Après avoir organisé, en collaboration avec l'université de Liverpool, un séminaire sur « L'impact du marketing alimentaire sur les modes de consommation des enfants » en mars 2014, l’Inpes a commandité une étude à deux intervenantes du séminaire : Amandine Garde, professeur de droit à l’université de Liverpool et Marine Friant-Perrot, maître de conférences à l’université de Nantes, dont les travaux s’interrogent notamment sur cette question.


Après avoir rappelé l’évolution des taux de surpoids et d’obésité en France, cette étude dresse un bilan des recherches établissant l’existence d’un lien direct entre le marketing pour des produits alimentaires « peu sains » et les comportements alimentaires des enfants.


Elle analyse ensuite comment différents pays ont réglementé le marketing alimentaire en direction des enfants afin de prévenir le surpoids et l’obésité infantiles, en évaluant ces expériences au regard des recommandations de l’OMS sur la commercialisation des aliments et des boissons non alcoolisées destinée aux enfants.


Les auteures s’interrogent enfin sur les différents arguments susceptibles de justifier les restrictions du marketing alimentaire.


Par ailleurs, elles interrogent l’opportunité de restreindre le marketing pour les produits alimentaires peu sains sans tenir compte du rôle de l’étiquetage de ces produits et les formes simplifiées d’information nutritionnelle.


Ces derniers pourraient en effet favoriser des choix alimentaires plus sains et contribuer aussi à la prévention et au contrôle de l’obésité en France.



L’Obésité en France :


Un rapport publié en février 2014 par le bureau régional de l’OMS pour l’Europe indique que 27 % des enfants de 13 ans et 33 % des enfants de 11 ans sont en surcharge pondérale.


En France, où la moitié des adultes sont en surcharge pondérale et près d’un adulte sur six est obèse, la prévalence de l’obésité et du surpoids tend à se stabiliser mais ce constat masque des inégalités sociales et territoriales.

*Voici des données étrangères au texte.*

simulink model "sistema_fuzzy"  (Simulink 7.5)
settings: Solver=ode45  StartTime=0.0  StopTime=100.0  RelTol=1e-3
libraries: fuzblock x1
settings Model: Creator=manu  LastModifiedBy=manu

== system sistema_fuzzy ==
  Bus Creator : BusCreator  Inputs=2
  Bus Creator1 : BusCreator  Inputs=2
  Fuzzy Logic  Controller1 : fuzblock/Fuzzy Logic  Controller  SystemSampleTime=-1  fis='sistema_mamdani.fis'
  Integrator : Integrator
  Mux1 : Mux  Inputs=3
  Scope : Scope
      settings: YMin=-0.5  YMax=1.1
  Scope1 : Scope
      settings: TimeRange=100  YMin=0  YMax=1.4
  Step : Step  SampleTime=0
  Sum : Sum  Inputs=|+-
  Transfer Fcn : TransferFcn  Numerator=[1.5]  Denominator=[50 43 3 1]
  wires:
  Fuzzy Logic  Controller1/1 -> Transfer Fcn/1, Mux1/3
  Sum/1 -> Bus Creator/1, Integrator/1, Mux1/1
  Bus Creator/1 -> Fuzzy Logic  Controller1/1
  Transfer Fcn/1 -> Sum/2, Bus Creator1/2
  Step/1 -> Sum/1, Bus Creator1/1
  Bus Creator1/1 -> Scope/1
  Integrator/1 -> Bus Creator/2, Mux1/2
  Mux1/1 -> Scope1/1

Par ailleurs la France est au premier rang en termes de consommation de graisses saturées parmi les 53 pays de la région Europe, 33 % de la population âgée de plus de 15 ans ne pratiquent pas suffisamment d’activité physique et plus de la moitié du temps libre est passé devant un écran (données Insee).



Les recommandations de l’OMS :


La réglementation de la publicité alimentaire en direction des enfants comme stratégie de lutte contre le surpoids et l’obésité infantiles est depuis longtemps un cheval de bataille de l’Organisation mondiale de la santé.


Dès 2007, les États membres sont parvenus à un accord sur « l’élaboration par l’OMS d’un ensemble de recommandations en matière de commercialisation des produits alimentaires et boissons non alcoolisées auprès des enfants ».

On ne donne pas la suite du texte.